Hallo liebe Community,

 

ich bin hier, weil ich mit meinem Latein am Ende bin.

Ich habe ein altes ThinkPad W530 von Lenovo, welches vom Jahr 2013 ist und ich gerne nutzen möchte, um aktuellere Spiele zu spielen.

Nach kurzer Suche bin ich auf das EXP GDC Beast 8.5c gestoßen, über welches es möglich sein soll, eGPUs an den Laptop über den Expresscardslot anschließen zu können.

 

Erstmal genaueres zum ThinkPad:

Prozessor Intel(R) Core(TM) i5-3320M CPU @ 2.60Ghz

16,0 GB installierter Arbeitsspeicher

Windows 10 64-Bit-Betriebssystem

 

Eingebaute Intel(R) HD Graphics 4000

und NVIDIA Quadro K2000M

 

Nun zum Problem:

Wie oben geschrieben, habe ich mir das EXP GDC Beast 8.5c bestellt und wenige Tage danach war es auch da.

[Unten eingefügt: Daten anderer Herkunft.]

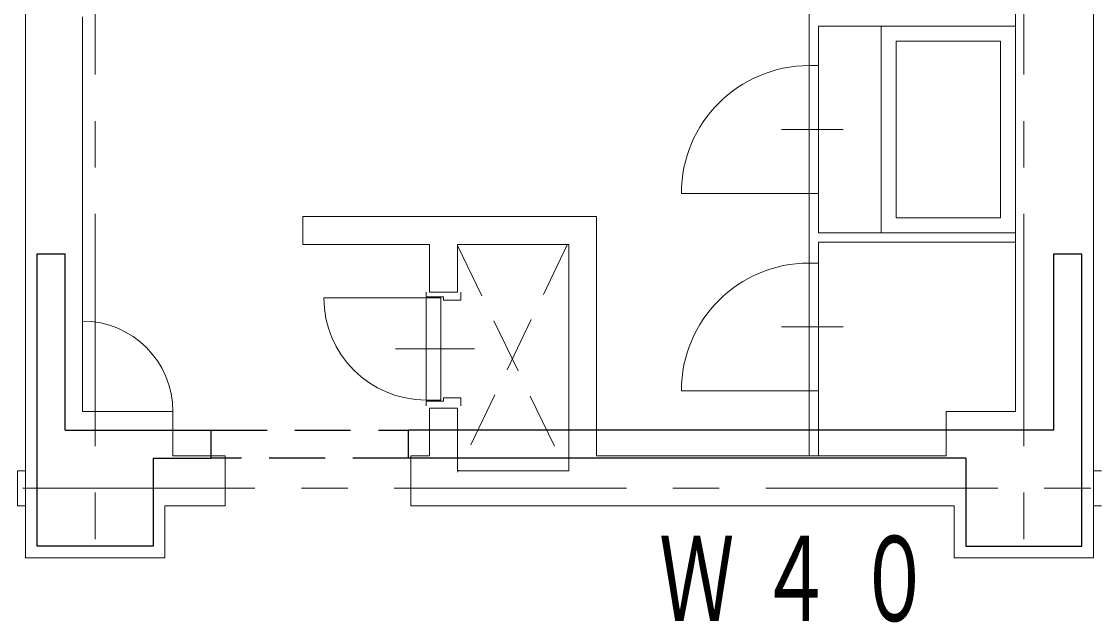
# Model space of a CAD drawing. Units: millimetres at full size, sheet at 1:200; details may follow other scales. Extents: x -55340 to 55340, y -38040 to 38040.
# Drawn here: x -29996 to -25361, y -11024 to -8436 of the extents above; entities that cross this region are included whole.
import ezdxf

# ---------------------------------------------------------------- set-up
doc = ezdxf.new("R2010")
doc.units = ezdxf.units.MM
doc.header["$LTSCALE"] = 200
doc.linetypes.add('CHAIN1', pattern=[8, 5, -1, 1, -1])
doc.linetypes.add('DASHED1', pattern=[1.8, 1.2, -0.6])
for name, color, linetype, lineweight in [('0-0_補助線', 4, 'Continuous', 9), ('0-1_通り芯', 3, 'Continuous', 18), ('0-2_躯体', 4, 'Continuous', 9), ('2-2_躯体', 2, 'Continuous', 25)]:
    doc.layers.add(name, color=color, linetype=linetype, lineweight=lineweight)
doc.layers.add('2-3_外壁', color=2, linetype='Continuous')
doc.styles.add('ＭＳ ゴシック', font='')
doc.styles.get('ＭＳ ゴシック').set_extended_font_data('MS Gothic')

msp = doc.modelspace()

# ---------------------------------------------------------------- linework, layer by layer
at = {"layer": '0-0_補助線', "color": 3, "lineweight": 18}
for p, q in [((-26603.5, -10305.6), (-26603.5, -5875.6)), ((-29978.5, -10745.6), (-29978.5, -8305.6)), ((-25713.5, -10115.6), (-25713.5, -8305.6)), ((-25378.5, -10745.6), (-25378.5, -8305.6)), ((-29733.5, -10115.6), (-29733.5, -8415.6)), ((-25713.5, -8455.6), (-26563.5, -8455.6)), ((-26563.5, -9345.6), (-26563.5, -8455.6)), ((-26563.5, -8625.6), (-26603.5, -8625.6)), ((-26456, -8900.6), (-26722.4, -8900.6)), ((-26563.5, -9175.6), (-27153.5, -9175.6)), ((-28783.5, -9275.6), (-27518.5, -9275.6)), ((-28783.5, -9395.6), (-28783.5, -9275.6)), ((-27518.5, -10305.6), (-27518.5, -9275.6)), ((-25713.5, -9345.6), (-26563.5, -9345.6)), ((-28783.5, -9395.6), (-28238.5, -9395.6)), ((-28238.5, -9600.6), (-28238.5, -9395.6)), ((-27638.5, -10370.6), (-27638.5, -9395.6)), ((-25713.5, -9385.6), (-26563.5, -9385.6)), ((-26563.5, -10305.6), (-26563.5, -9385.6)), ((-26563.5, -9475.6), (-26603.5, -9475.6)), ((-28253.5, -9600.6), (-28253.5, -9620.6)), ((-28253.5, -9620.6), (-28178.5, -9620.6)), ((-28253.5, -9625.6), (-28189.2, -9625.6)), ((-28189.2, -9625.6), (-28189.2, -10065.6)), ((-28178.5, -9620.6), (-28178.5, -9635.6)), ((-28178.5, -9635.6), (-28103.5, -9635.6)), ((-28103.5, -9635.6), (-28103.5, -9600.6)), ((-26456, -9750.6), (-26722.4, -9750.6)), ((-28384.6, -9845.6), (-28045.1, -9845.6)), ((-26563.5, -10025.6), (-27153.5, -10025.6)), ((-28253.5, -10090.6), (-28253.5, -10070.6)), ((-28238.5, -10100.6), (-28118.5, -10100.6)), ((-28238.5, -10100.6), (-28238.5, -10305.6)), ((-28118.5, -10100.6), (-28118.5, -10370.6)), ((-29343.5, -10115.6), (-29733.5, -10115.6)), ((-29343.5, -10305.6), (-29343.5, -10115.6)), ((-26013.5, -10115.6), (-25713.5, -10115.6)), ((-26013.5, -10305.6), (-26013.5, -10115.6)), ((-29343.5, -10305.6), (-29118.5, -10305.6)), ((-29118.5, -10305.6), (-29118.5, -10520.6)), ((-28318.5, -10305.6), (-28238.5, -10305.6)), ((-27518.5, -10305.6), (-26013.5, -10305.6)), ((-28118.5, -10370.6), (-27638.5, -10370.6)), ((-25343.5, -10370.6), (-25378.5, -10370.6)), ((-30013.5, -10520.6), (-29978.5, -10520.6)), ((-29378.5, -10520.6), (-29118.5, -10520.6)), ((-29378.5, -10745.6), (-29378.5, -10520.6)), ((-25978.5, -10745.6), (-25978.5, -10520.6)), ((-25343.5, -10520.6), (-25378.5, -10520.6)), ((-29378.5, -10745.6), (-29978.5, -10745.6)), ((-25378.5, -10745.6), (-25978.5, -10745.6))]:
    msp.add_line(p, q, dxfattribs=at)
at = {"layer": '0-0_補助線'}
for p, q in [((-26293.5, -9345.6), (-26293.5, -8455.6)), ((-25778.5, -8520.6), (-26228.5, -8520.6)), ((-26228.5, -9280.6), (-26228.5, -8520.6)), ((-25778.5, -9280.6), (-25778.5, -8520.6)), ((-25778.5, -9280.6), (-26228.5, -9280.6)), ((-28253.5, -9625.6), (-28693.5, -9625.6))]:
    msp.add_line(p, q, dxfattribs=at)
at = {"layer": '0-0_補助線', "color": 3, "lineweight": 18}
for points in [[(-28238.5, -9600.6), (-28118.5, -9600.6), (-28118.5, -9395.6), (-27638.5, -9395.6)], [(-28253.5, -9625.6), (-28253.5, -10065.6), (-28189.2, -10065.6)], [(-28253.5, -10070.6), (-28178.5, -10070.6), (-28178.5, -10055.6), (-28103.5, -10055.6), (-28103.5, -10090.6)], [(-28318.5, -10305.6), (-28318.5, -10520.6), (-25978.5, -10520.6)], [(-30013.5, -10520.6), (-30013.5, -10370.6), (-29978.5, -10370.6)]]:
    msp.add_lwpolyline(points, dxfattribs=at)
for centre, radius, start, end in [((-26603.5, -9175.6), 550, 90, 180), ((-26603.5, -10025.6), 550, 90, 180), ((-29733.5, -10115.6), 390, 0, 89.9997)]:
    msp.add_arc(centre, radius, start, end, dxfattribs=at)
at = {"layer": '0-0_補助線'}
msp.add_arc((-28253.5, -9625.6), 440, 180, 270, dxfattribs=at)
at = {"layer": '0-1_通り芯', "color": 4, "linetype": 'CHAIN1', "lineweight": 9}
for p, q in [((-29678.5, -1264.2), (-29678.5, -10745.6)), ((-25678.5, -1264.2), (-25678.5, -10745.6)), ((41409.7, -10445.6), (-45158.8, -10445.6))]:
    msp.add_line(p, q, dxfattribs=at)
at = {"layer": '0-2_躯体', "linetype": 'DASHED1'}
for p, q in [((-27643.4, -9394.7), (-28117.6, -10375.8)), ((-28117.6, -9400.2), (-27648.8, -10370.3))]:
    msp.add_line(p, q, dxfattribs=at)
at = {"layer": '2-2_躯体'}
for p, q in [((-29928.5, -10195.6), (-29928.5, -9435.6)), ((-29928.5, -9435.6), (-29808.5, -9435.6)), ((-29808.5, -10195.6), (-29808.5, -9435.6)), ((-25428.5, -10195.6), (-25428.5, -9435.6)), ((-29808.5, -10195.6), (-29428.5, -10195.6)), ((-29428.5, -10195.6), (-29178.5, -10195.6)), ((-25928.5, -10195.6), (-28328.5, -10195.6)), ((-25548.5, -10195.6), (-25928.5, -10195.6)), ((-29428.5, -10315.6), (-29428.5, -10695.6)), ((-25928.5, -10315.6), (-25928.5, -10695.6))]:
    msp.add_line(p, q, dxfattribs=at)
at = {"layer": '2-2_躯体', "linetype": 'DASHED1'}
for p, q in [((-29178.5, -10195.6), (-28328.5, -10195.6)), ((-28328.5, -10315.6), (-29178.5, -10315.6))]:
    msp.add_line(p, q, dxfattribs=at)
at = {"layer": '2-2_躯体'}
for points in [[(-25548.5, -10195.6), (-25548.5, -9435.6), (-25428.5, -9435.6)], [(-29428.5, -10695.6), (-29928.5, -10695.6), (-29928.5, -10195.6)], [(-29428.5, -10315.6), (-29178.5, -10315.6), (-29178.5, -10195.6)], [(-25928.5, -10315.6), (-28328.5, -10315.6), (-28328.5, -10195.6)], [(-25928.5, -10695.6), (-25428.5, -10695.6), (-25428.5, -10195.6)]]:
    msp.add_lwpolyline(points, dxfattribs=at)

# ---------------------------------------------------------------- texts
at = {"layer": '2-3_外壁', "insert": (-27249.6, -11023.6), "char_height": 366.6, "attachment_point": 7, "style": 'ＭＳ ゴシック'}
msp.add_mtext('\\T1.31;\\W0.65;Ｗ４０', dxfattribs=at)

doc.saveas('drawing.dxf')

Ich habe mir dazu eine NVIDIA GTX 1060 6GB und ein "be quiet" Pure Power 10 CM ATX 400W PC Netzteil BN276" bestellt (angegebene Leistung bei der CPU wird 400W angegeben).

Hardware ist da, also ging es los. Erstmal, wie im Internet und bei der Anleitung gefunden, im BIOS die NVIDIA Quadro K2000M deaktiviert. Dann die Spannungsversorgung (das Netzteil) an das Beast (EXP GDC Beast 8.5c) und an die CPU angeschlossen. Daraufhin habe ich über den Expresscardslot das ganze mit meinem Lenovo ThinkPad W530 verbunden (Rechner war zu dem Zeitpunkt ausgeschaltet).

Gestartet, erstmal Treiber installiert. Fehler 43. Das war nicht so dramatisch, nach einem Neustart war das näml. i. O.

Nun wird mit beim Geräte-Manager die Intel(R) HD Graphics 4000 und die NVIDIA GeForce GTX 1060 6GB angezeigt. Beides mit "Das Gerät funktioniert einwandfrei."

Leider nutzt er meine GTX 1060 6GB aber nicht. Wenn ich Spiele starte, springt die GraKa nicht an.

Dachte zunächst, das liegt vllt. daran, dass ich keinen externen Monitor habe. Also habe ich ein VDI zu HDMI Kabel bestellt, um den HDMI Slot der GTX 1060 mit meinem alten Monitor zu verbinden. Das Kabel ist heute angekommen, Hardware wieder aufgebaut, alles angeschlossen, gestartet ... nichts.

Ich habe im Internet mal geschaut, es ist wohl schon erfolgreich gelungen, den W530 von Lenovo mit einer GTX 1060 über ein Beast zu verbinden, bei mir funktioniert es allerdings nicht. Wie auch schon gefunden, habe ich einen älteren Treiber (376.33 von NVIDIA) runtergeladen, den alten über DDU deinstalliert, neugestartet und den alten installiert. Keine Änderung. "Gerät funktioniert einwandrei." und das war´s.

 

Ich wäre über alle Ratschläge sehr sehr dankbar. Vielleicht kriegt man es ja zusammen zum Laufen.

 

Gruß

Nils


----------



## Aun (15. März 2018)

ich denke mal das problem liegt bei "schon gelungen". 5 jahre alte technik mit neuem zu verbinden ist mMn keine gute idee (gerade was die 1060 angeht).


----------